The European Commission (EC) has asked for information from major oil trading houses such as Glencore, Vitol, Gunvor and Mercuria in connection with its investigation into the alleged oil price rigging by oil companies. The commission questioned the trading houses over allegations that major oil companies colluded to manipulate the prices of oil and petrol over a decade.
The EC raided the offices of oil majors Shell, BP and Norway's Statoil. The companies were suspected to have made internal arrangements to manipulate the published prices for a number of oil and biofuel products and prevented others from participating in the price assessment process.
The oil companies confirmed the investigation and said they are cooperating with the commission.
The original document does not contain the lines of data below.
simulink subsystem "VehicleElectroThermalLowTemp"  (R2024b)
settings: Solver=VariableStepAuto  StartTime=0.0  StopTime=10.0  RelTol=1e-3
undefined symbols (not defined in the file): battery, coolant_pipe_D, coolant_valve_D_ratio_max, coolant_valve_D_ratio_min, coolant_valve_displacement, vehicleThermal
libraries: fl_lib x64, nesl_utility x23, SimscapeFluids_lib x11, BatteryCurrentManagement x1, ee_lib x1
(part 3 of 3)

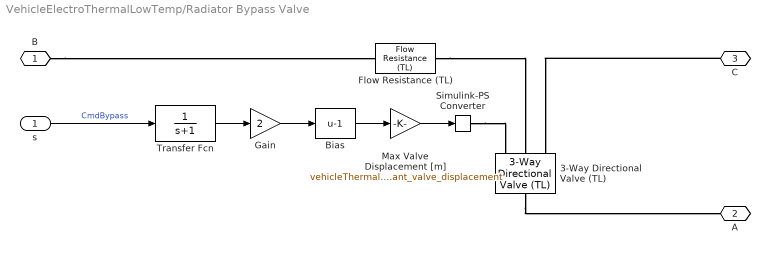
== system VehicleElectroThermalLowTemp/Radiator Bypass Valve ==
  s : Inport
  3-Way Directional Valve (TL) : SimscapeFluids_lib/Thermal Liquid/Valves & Orifices/Directional Control Valves/3-Way Directional Valve (TL)  open_orifices_pos=fluids.thermal_liquid.valves.directional_control_valves.enum.OpenOrifices3Way.PA  open_orifices_neg=fluids.thermal_liquid.valves.directional_control_valves.enum.OpenOrifices3Way.AT  area_spec=fluids.thermal_liquid.valves.directional_control_valves.enum.area_spec.identical  valve_spec=fluids.thermal_liquid.valves.enum.orifice_spec.linear  del_S_max=vehicleThermal.coolant_valve_displacement-(vehicleThermal.coolant_valve_displacement)*(pi * (vehicleThermal.coolant_valve_D_ratio_min*vehicleThermal.coolant_pipe_D)^2 / 4)/(pi * (vehicleThermal.coolant_valve_D_ratio_max*vehicleThermal.coolant_pipe_D)^2 / 4) m  area_max=pi * (vehicleThermal.coolant_valve_D_ratio_max*vehicleThermal.coolant_pipe_D)^2 / 4 m^2  del_S_TLU=[0 0.002 0.004 0.007 0.017] m  valve_area_TLU=[1e-09, 2.0352e-07, 4.0736e-05, .00011438, .00034356] m^2  del_S_flow_TLU=[0 0.002 0.004 0.007 0.017] m  p_diff_TLU=[-.1, .3, .5, .7] MPa  vol_flow_TLU=1e-3 * [1.7e-05, 2e-05, 2.6e-05; .0035, .0045, .0053; .7, .9, 1.06; 1.96, 2.5, 3; 6, 7.7, 9.13] m^3/s  mdot_TLU=[-1e-05, 1.7e-05, 2e-05, 2.6e-05; -.002, .0035, .0045, .0053; -.4, .7, .9, 1.06; -1.13, 1.96, 2.5, 3; -3.45, 6, 7.7, 9.13] kg/s  T_ref_in=293.15 K  p_ref_in=0.101325 MPa  area_leak=pi * (vehicleThermal.coolant_valve_D_ratio_min*vehicleThermal.coolant_pipe_D)^2 / 4 m^2  Cd=0.7  Re_c=12  smoothing_factor=0.01  pressure_recovery=simscape.enum.onoff.on  area=pi * vehicleThermal.coolant_pipe_D^2 / 4 m^2  S_max_PA=(vehicleThermal.coolant_valve_displacement)*(pi * (vehicleThermal.coolant_valve_D_ratio_min*vehicleThermal.coolant_pipe_D)^2 / 4)/(pi * (vehicleThermal.coolant_valve_D_ratio_max*vehicleThermal.coolant_pipe_D)^2 / 4) - (vehicleThermal.coolant_valve_offset) + vehicleThermal.coolant_valve_displacement-(vehicleThermal.coolant_valve_displacement)*(pi * (vehicleThermal.coolant_valve_D_ratio_min*vehicleThermal.coolant_pipe_D)^2 / 4)/(pi * (vehicleThermal.coolant_valve_D_ratio_max*vehicleThermal.coolant_pipe_D)^2 / 4) m  del_S_max_PA=coolant_valve_displacement-(coolant_valve_displacement)*(pi * (coolant_valve_D_ratio_min*coolant_pipe_D)^2 / 4)/(pi * (coolant_valve_D_ratio_max*coolant_pipe_D)^2 / 4) m  area_max_PA=pi * (coolant_valve_D_ratio_max*coolant_pipe_D)^2 / 4 m^2  del_S_TLU_PA=[0 0.002 0.004 0.007 0.017] m  valve_area_TLU_PA=[1e-09, 2.0352e-07, 4.0736e-05, .00011438, .00034356] m^2  del_S_flow_TLU_PA=[0 0.002 0.004 0.007 0.017] m  p_diff_TLU_PA=[-.1, .3, .5, .7] MPa  vol_flow_TLU_PA=1e-3 * [1.7e-05, 2e-05, 2.6e-05; .0035, .0045, .0053; .7, .9, 1.06; 1.96, 2.5, 3; 6, 7.7, 9.13] m^3/s  mdot_TLU_PA=[-1e-05, 1.7e-05, 2e-05, 2.6e-05; -.002, .0035, .0045, .0053; -.4, .7, .9, 1.06; -1.13, 1.96, 2.5, 3; -3.45, 6, 7.7, 9.13] kg/s  S_max_AT=-(vehicleThermal.coolant_valve_displacement)*(pi * (vehicleThermal.coolant_valve_D_ratio_min*vehicleThermal.coolant_pipe_D)^2 / 4)/(pi * (vehicleThermal.coolant_valve_D_ratio_max*vehicleThermal.coolant_pipe_D)^2 / 4) + (vehicleThermal.coolant_valve_offset) - (vehicleThermal.coolant_valve_displacement-(vehicleThermal.coolant_valve_displacement)*(pi * (vehicleThermal.coolant_valve_D_ratio_min*vehicleThermal.coolant_pipe_D)^2 / 4)/(pi * (vehicleThermal.coolant_valve_D_ratio_max*vehicleThermal.coolant_pipe_D)^2 / 4)) m  del_S_max_AT=coolant_valve_displacement-(coolant_valve_displacement)*(pi * (coolant_valve_D_ratio_min*coolant_pipe_D)^2 / 4)/(pi * (coolant_valve_D_ratio_max*coolant_pipe_D)^2 / 4) m  area_max_AT=pi * (coolant_valve_D_ratio_max*coolant_pipe_D)^2 / 4 m^2  del_S_TLU_AT=[0 0.002 0.004 0.007 0.017] m  valve_area_TLU_AT=[1e-09, 2.0352e-07, 4.0736e-05, .00011438, .00034356] m^2  del_S_flow_TLU_AT=[0 0.002 0.004 0.007 0.017] m  p_diff_TLU_AT=[-.1, .3, .5, .7] MPa  vol_flow_TLU_AT=1e-3 * [1.7e-05, 2e-05, 2.6e-05; .0035, .0045, .0053; .7, .9, 1.06; 1.96, 2.5, 3; 6, 7.7, 9.13] m^3/s  mdot_TLU_AT=[-1e-05, 1.7e-05, 2e-05, 2.6e-05; -.002, .0035, .0045, .0053; -.4, .7, .9, 1.06; -1.13, 1.96, 2.5, 3; -3.45, 6, 7.7, 9.13] kg/s  S_max_PT=2.5e-3 m  del_S_max_PT=0.005 m  area_max_PT=1e-4 m^2  del_S_TLU_PT=[0, .002, .004, .007, .017] m  valve_area_TLU_PT=[1e-09, 2.0352e-07, 4.0736e-05, .00011438, .00034356] m^2  del_S_flow_TLU_PT=[0, .002, .004, .007, .017] m  p_diff_TLU_PT=[.3, .5, .7] MPa  vol_flow_TLU_PT=1e-3 * [1.7e-05, 2e-05, 2.6e-05; .0035, .0045, .0053; .7, .9, 1.06; 1.96, 2.5, 3; 6, 7.7, 9.13] m^3/s  mdot_TLU_PT=[1.7e-05, 2e-05, 2.6e-05; .0035, .0045, .0053; .7, .9, 1.06; 1.96, 2.5, 3; 6, 7.7, 9.13] kg/s
      settings: InternalSimscapePortConfiguration="{\"Bottom\":[],\"Left\":[{\"id\":\"A\",\"label\":\"A\",\"type\":\"foundation.thermal_liquid.thermal_liquid\"}],\"Right\":[{\"id\":\"S\",\"label\":\"S\",\"type\":\"input\"},{\"id\":\"P\",\"label\":\"P\",\"type\":\"foundation.thermal_liquid.thermal_liquid\"},{\"id\":\"T\",\"label\":\"T\",\"type\":\"foundation.thermal_liquid.thermal_liquid\"}],\"Top\":[]}"
  Bias : Bias  Bias=-1  SaturateOnIntegerOverflow=off
  Flow Resistance (TL) : fl_lib/Thermal Liquid/Elements/Flow Resistance (TL)  delta_p_nominal=0.001 MPa  mdot_nominal=0.3 kg/s  area=pi * vehicleThermal.coolant_pipe_D^2 / 4 m^2  laminar_fraction=1e-3
  Gain : Gain  Gain=2
  Max Valve Displacement [m] : Gain  Gain=vehicleThermal.coolant_valve_displacement
  Simulink-PS Converter : nesl_utility/Simulink-PS Converter  PhysicalDomain=network_engine_domain  SubClassName=ps_input  LeftPortType=input  RightPortType=output  PseudoPeriodic=off  Frequencies=[]  NoiseDistribution=none  NoiseParameters=[]  Unit=m  AffineConversion=off  FilteringAndDerivatives=provide  SimscapeFilterOrder=1  InputFilterTimeConstant=0.001  UdotUserProvided=0
  Transfer Fcn : TransferFcn  Denominator=[1 1]
  B : PMIOPort  Side=Left
  A : PMIOPort  Port=2  Side=Left
  C : PMIOPort  Port=3  Side=Right
  wires:
  Transfer Fcn/1 -> Gain/1
  Bias/1 -> Max Valve Displacement [m]/1
  s/1 -> Transfer Fcn/1  "CmdBypass"
  Max Valve Displacement [m]/1 -> Simulink-PS Converter/1
  Gain/1 -> Bias/1
  connections:
  Flow Resistance (TL)/LConn1 -- 3-Way Directional Valve (TL)/RConn2
  Simulink-PS Converter/RConn1 -- 3-Way Directional Valve (TL)/RConn1
  C/RConn1 -- 3-Way Directional Valve (TL)/RConn3
  B/RConn1 -- Flow Resistance (TL)/RConn1
  3-Way Directional Valve (TL)/LConn1 -- A/RConn1

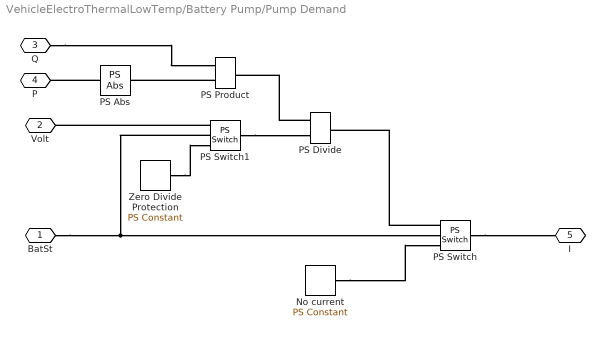
== system VehicleElectroThermalLowTemp/Battery Pump/Pump Demand ==
  No current : fl_lib/Physical Signals/Sources/PS Constant  constant=0 A
  PS Abs : fl_lib/Physical Signals/Nonlinear Operators/PS Abs
      settings: InternalSimscapePortConfiguration="{\"Bottom\":[],\"Left\":[{\"id\":\"I\",\"label\":\"\",\"type\":\"input\"}],\"Right\":[{\"id\":\"O\",\"label\":\"\",\"type\":\"output\"}],\"Top\":[]}"
  PS Divide : fl_lib/Physical Signals/Functions/PS Divide
  PS Product : fl_lib/Physical Signals/Functions/PS Product
  PS Switch : fl_lib/Physical Signals/Nonlinear Operators/PS Switch  Threshold=0.5
      settings: InternalSimscapePortConfiguration="{\"Bottom\":[],\"Left\":[{\"id\":\"I1\",\"label\":\"\",\"type\":\"input\"},{\"id\":\"I2\",\"label\":\"\",\"type\":\"input\"},{\"id\":\"I3\",\"label\":\"\",\"type\":\"input\"}],\"Right\":[{\"id\":\"O\",\"label\":\"\",\"type\":\"output\"}],\"Top\":[]}"
  PS Switch1 : fl_lib/Physical Signals/Nonlinear Operators/PS Switch  Threshold=0.5
      settings: InternalSimscapePortConfiguration="{\"Bottom\":[],\"Left\":[{\"id\":\"I1\",\"label\":\"\",\"type\":\"input\"},{\"id\":\"I2\",\"label\":\"\",\"type\":\"input\"},{\"id\":\"I3\",\"label\":\"\",\"type\":\"input\"}],\"Right\":[{\"id\":\"O\",\"label\":\"\",\"type\":\"output\"}],\"Top\":[]}"
  Zero Divide Protection : fl_lib/Physical Signals/Sources/PS Constant  constant=1 V
  BatSt : PMIOPort  Side=Left
  Volt : PMIOPort  Port=2  Side=Left
  Q : PMIOPort  Port=3  Side=Left
  P : PMIOPort  Port=4  Side=Left
  I : PMIOPort  Port=5  Side=Right
  connections:
  PS Product/LConn2 -- PS Abs/RConn1
  Zero Divide Protection/RConn1 -- PS Switch1/LConn3
  PS Switch1/RConn1 -- PS Divide/LConn2
  PS Abs/LConn1 -- P/RConn1
  Q/RConn1 -- PS Product/LConn1
  PS Divide/LConn1 -- PS Product/RConn1
  PS Switch/RConn1 -- I/RConn1
  PS Switch1/LConn2 -- PS Switch/LConn2 -- BatSt/RConn1
  PS Switch/LConn1 -- PS Divide/RConn1
  PS Switch1/LConn1 -- Volt/RConn1
  No current/RConn1 -- PS Switch/LConn3

== system VehicleElectroThermalLowTemp/Battery Pump/current sensing1 ==
  Current Sensor : fl_lib/Electrical/Electrical Sensors/Current Sensor
  PS-Simulink Converter : nesl_utility/PS-Simulink Converter  PhysicalDomain=network_engine_domain  SubClassName=ps_output  LeftPortType=input  RightPortType=output  PseudoPeriodic=off  Frequencies=[]  VectorFormat=inherit  Unit=inherit  AffineConversion=off
  "  " : PMIOPort  Side=Left
  " " : PMIOPort  Port=2  Side=Right
  "   " : Outport
  wires:
  PS-Simulink Converter/1 -> "   "/1
  connections:
  Current Sensor/RConn2 -- " "/RConn1
  Current Sensor/LConn1 -- "  "/RConn1
  PS-Simulink Converter/LConn1 -- Current Sensor/RConn1

== system VehicleElectroThermalLowTemp/Chiller Bypass Valve/Valve Control ==
  ThCtrl : Inport
  Bias : Bias  Bias=-1  SaturateOnIntegerOverflow=off
  Gain : Gain  Gain=2
  Max Valve Displacement [m] : Gain  Gain=vehicleThermal.coolant_valve_displacement
  Simulink-PS Converter : nesl_utility/Simulink-PS Converter  PhysicalDomain=network_engine_domain  SubClassName=ps_input  LeftPortType=input  RightPortType=output  PseudoPeriodic=off  Frequencies=[]  NoiseDistribution=none  NoiseParameters=[]  Unit=m  AffineConversion=off  FilteringAndDerivatives=provide  SimscapeFilterOrder=1  InputFilterTimeConstant=0.001  UdotUserProvided=0
  Transfer Fcn : TransferFcn  Denominator=[1 1]
  Disp : PMIOPort  Side=Right
  wires:
  Transfer Fcn/1 -> Gain/1
  ThCtrl/1 -> Transfer Fcn/1
  Max Valve Displacement [m]/1 -> Simulink-PS Converter/1
  Bias/1 -> Max Valve Displacement [m]/1
  Gain/1 -> Bias/1
  connections:
  Simulink-PS Converter/RConn1 -- Disp/RConn1

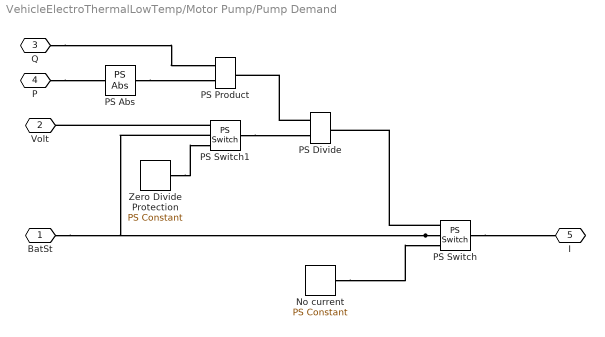
== system VehicleElectroThermalLowTemp/Motor Pump/Pump Demand ==
  No current : fl_lib/Physical Signals/Sources/PS Constant  constant=0 A
  PS Abs : fl_lib/Physical Signals/Nonlinear Operators/PS Abs
      settings: InternalSimscapePortConfiguration="{\"Bottom\":[],\"Left\":[{\"id\":\"I\",\"label\":\"\",\"type\":\"input\"}],\"Right\":[{\"id\":\"O\",\"label\":\"\",\"type\":\"output\"}],\"Top\":[]}"
  PS Divide : fl_lib/Physical Signals/Functions/PS Divide
  PS Product : fl_lib/Physical Signals/Functions/PS Product
  PS Switch : fl_lib/Physical Signals/Nonlinear Operators/PS Switch  Threshold=0.5
      settings: InternalSimscapePortConfiguration="{\"Bottom\":[],\"Left\":[{\"id\":\"I1\",\"label\":\"\",\"type\":\"input\"},{\"id\":\"I2\",\"label\":\"\",\"type\":\"input\"},{\"id\":\"I3\",\"label\":\"\",\"type\":\"input\"}],\"Right\":[{\"id\":\"O\",\"label\":\"\",\"type\":\"output\"}],\"Top\":[]}"
  PS Switch1 : fl_lib/Physical Signals/Nonlinear Operators/PS Switch  Threshold=0.5
      settings: InternalSimscapePortConfiguration="{\"Bottom\":[],\"Left\":[{\"id\":\"I1\",\"label\":\"\",\"type\":\"input\"},{\"id\":\"I2\",\"label\":\"\",\"type\":\"input\"},{\"id\":\"I3\",\"label\":\"\",\"type\":\"input\"}],\"Right\":[{\"id\":\"O\",\"label\":\"\",\"type\":\"output\"}],\"Top\":[]}"
  Zero Divide Protection : fl_lib/Physical Signals/Sources/PS Constant  constant=1 V
  BatSt : PMIOPort  Side=Left
  Volt : PMIOPort  Port=2  Side=Left
  Q : PMIOPort  Port=3  Side=Left
  P : PMIOPort  Port=4  Side=Left
  I : PMIOPort  Port=5  Side=Right
  connections:
  PS Abs/RConn1 -- PS Product/LConn2
  Zero Divide Protection/RConn1 -- PS Switch1/LConn3
  PS Switch1/RConn1 -- PS Divide/LConn2
  Q/RConn1 -- PS Product/LConn1
  P/RConn1 -- PS Abs/LConn1
  PS Divide/LConn1 -- PS Product/RConn1
  PS Switch/RConn1 -- I/RConn1
  PS Switch/LConn2 -- PS Switch1/LConn2 -- BatSt/RConn1
  PS Switch/LConn1 -- PS Divide/RConn1
  PS Switch1/LConn1 -- Volt/RConn1
  No current/RConn1 -- PS Switch/LConn3

== system VehicleElectroThermalLowTemp/Motor Pump/current sensing1 ==
  Current Sensor : fl_lib/Electrical/Electrical Sensors/Current Sensor
  PS-Simulink Converter : nesl_utility/PS-Simulink Converter  PhysicalDomain=network_engine_domain  SubClassName=ps_output  LeftPortType=input  RightPortType=output  PseudoPeriodic=off  Frequencies=[]  VectorFormat=inherit  Unit=inherit  AffineConversion=off
  "  " : PMIOPort  Side=Left
  " " : PMIOPort  Port=2  Side=Right
  "   " : Outport
  wires:
  PS-Simulink Converter/1 -> "   "/1
  connections:
  Current Sensor/RConn2 -- " "/RConn1
  Current Sensor/LConn1 -- "  "/RConn1
  PS-Simulink Converter/LConn1 -- Current Sensor/RConn1

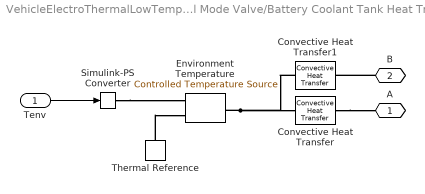
== system VehicleElectroThermalLowTemp/Parallel-Serial Mode Valve/Battery Coolant Tank Heat Transfer ==
  Tenv : Inport
  Convective Heat Transfer : fl_lib/Thermal/Thermal Elements/Convective Heat Transfer  thermal_type=foundation.enum.constant_variable.constant  area=3 * vehicleThermal.coolant_tank_area m^2  heat_tr_coeff=20 W/(m^2 * K)  min_heat_tr_coeff=1e-3 W/(K*m^2)  T_specify=off  T_priority=None  T=0 K  T_nominal_specify=off  T_nominal_value=1  T_nominal_unit=K  Q_specify=off  Q_priority=None  Q=0 W  Q_nominal_specify=off  Q_nominal_value=1  Q_nominal_unit=W
  Convective Heat Transfer1 : fl_lib/Thermal/Thermal Elements/Convective Heat Transfer  thermal_type=foundation.enum.constant_variable.constant  area=3 * vehicleThermal.coolant_tank_area m^2  heat_tr_coeff=20 W/(m^2 * K)  min_heat_tr_coeff=1e-3 W/(K*m^2)  T_specify=off  T_priority=None  T=0 K  T_nominal_specify=off  T_nominal_value=1  T_nominal_unit=K  Q_specify=off  Q_priority=None  Q=0 W  Q_nominal_specify=off  Q_nominal_value=1  Q_nominal_unit=W
  Environment Temperature : fl_lib/Thermal/Thermal Sources/Controlled Temperature Source
  Simulink-PS Converter : nesl_utility/Simulink-PS Converter  PhysicalDomain=network_engine_domain  SubClassName=ps_input  LeftPortType=input  RightPortType=output  PseudoPeriodic=off  Frequencies=[]  NoiseDistribution=none  NoiseParameters=[]  Unit=K  AffineConversion=on  FilteringAndDerivatives=provide  SimscapeFilterOrder=1  InputFilterTimeConstant=0.001  UdotUserProvided=0
  Thermal Reference : fl_lib/Thermal/Thermal Elements/Thermal Reference
  A : PMIOPort  Side=Left
  B : PMIOPort  Port=2  Side=Left
  wires:
  Tenv/1 -> Simulink-PS Converter/1
  connections:
  Convective Heat Transfer/LConn1 -- A/RConn1
  B/RConn1 -- Convective Heat Transfer1/LConn1
  Simulink-PS Converter/RConn1 -- Environment Temperature/RConn1
  Thermal Reference/LConn1 -- Environment Temperature/RConn2
  Environment Temperature/LConn1 -- Convective Heat Transfer1/RConn1 -- Convective Heat Transfer/RConn1

== system VehicleElectroThermalLowTemp/Parallel-Serial Mode Valve/Motor Coolant Tank Heat Transfer ==
  Tenv : Inport
  Convective Heat Transfer : fl_lib/Thermal/Thermal Elements/Convective Heat Transfer  thermal_type=foundation.enum.constant_variable.constant  area=3 * vehicleThermal.coolant_tank_area m^2  heat_tr_coeff=20 W/(m^2 * K)  min_heat_tr_coeff=1e-3 W/(K*m^2)  T_specify=off  T_priority=None  T=0 K  T_nominal_specify=off  T_nominal_value=1  T_nominal_unit=K  Q_specify=off  Q_priority=None  Q=0 W  Q_nominal_specify=off  Q_nominal_value=1  Q_nominal_unit=W
  Convective Heat Transfer1 : fl_lib/Thermal/Thermal Elements/Convective Heat Transfer  thermal_type=foundation.enum.constant_variable.constant  area=3 * vehicleThermal.coolant_tank_area m^2  heat_tr_coeff=20 W/(m^2 * K)  min_heat_tr_coeff=1e-3 W/(K*m^2)  T_specify=off  T_priority=None  T=0 K  T_nominal_specify=off  T_nominal_value=1  T_nominal_unit=K  Q_specify=off  Q_priority=None  Q=0 W  Q_nominal_specify=off  Q_nominal_value=1  Q_nominal_unit=W
  Environment Temperature : fl_lib/Thermal/Thermal Sources/Controlled Temperature Source
  Simulink-PS Converter : nesl_utility/Simulink-PS Converter  PhysicalDomain=network_engine_domain  SubClassName=ps_input  LeftPortType=input  RightPortType=output  PseudoPeriodic=off  Frequencies=[]  NoiseDistribution=none  NoiseParameters=[]  Unit=K  AffineConversion=on  FilteringAndDerivatives=provide  SimscapeFilterOrder=1  InputFilterTimeConstant=0.001  UdotUserProvided=0
  Thermal Reference : fl_lib/Thermal/Thermal Elements/Thermal Reference
  A : PMIOPort  Side=Right
  B : PMIOPort  Port=2  Side=Right
  wires:
  Tenv/1 -> Simulink-PS Converter/1
  connections:
  A/RConn1 -- Convective Heat Transfer/LConn1
  B/RConn1 -- Convective Heat Transfer1/LConn1
  Convective Heat Transfer1/RConn1 -- Environment Temperature/LConn1 -- Convective Heat Transfer/RConn1
  Thermal Reference/LConn1 -- Environment Temperature/RConn2
  Simulink-PS Converter/RConn1 -- Environment Temperature/RConn1

== system VehicleElectroThermalLowTemp/Parallel-Serial Mode Valve/Valve Control ==
  Ctrl : Inport
  Bias : Bias  Bias=-1  SaturateOnIntegerOverflow=off
  Gain : Gain  Gain=2
  Max Valve Displacement [m] : Gain  Gain=vehicleThermal.coolant_valve_displacement
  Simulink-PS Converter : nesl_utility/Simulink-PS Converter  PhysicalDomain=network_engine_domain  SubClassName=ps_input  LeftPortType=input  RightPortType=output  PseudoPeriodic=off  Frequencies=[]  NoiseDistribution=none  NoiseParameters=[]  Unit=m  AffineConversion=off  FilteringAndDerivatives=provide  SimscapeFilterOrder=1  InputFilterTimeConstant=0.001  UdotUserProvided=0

Commodity traders such as Vitol, Gunvor, Mercuria and Glencore account for a huge proportion of the world's oil trade. It was not clear that these trading houses are under investigation.
Announcing its investigation, the Commission noted that even small irregularities in the market would result "huge impact on the prices of crude oil, refined oil products and biofuels purchases and sales, potentially harming final consumers''.
The prices of petrol and other oil and biofuel-related products are calculated based on a number of benchmarks such as Brent crude. The benchmark rate is calculated using data provided by firms such as oil companies, banks and hedge funds that trade oil on a regular basis. The EC suspects that certain data submissions by the oil firms were fraudulent.
Britain's Serious Fraud Office is also considering launching a criminal inquiry into the alleged price rigging.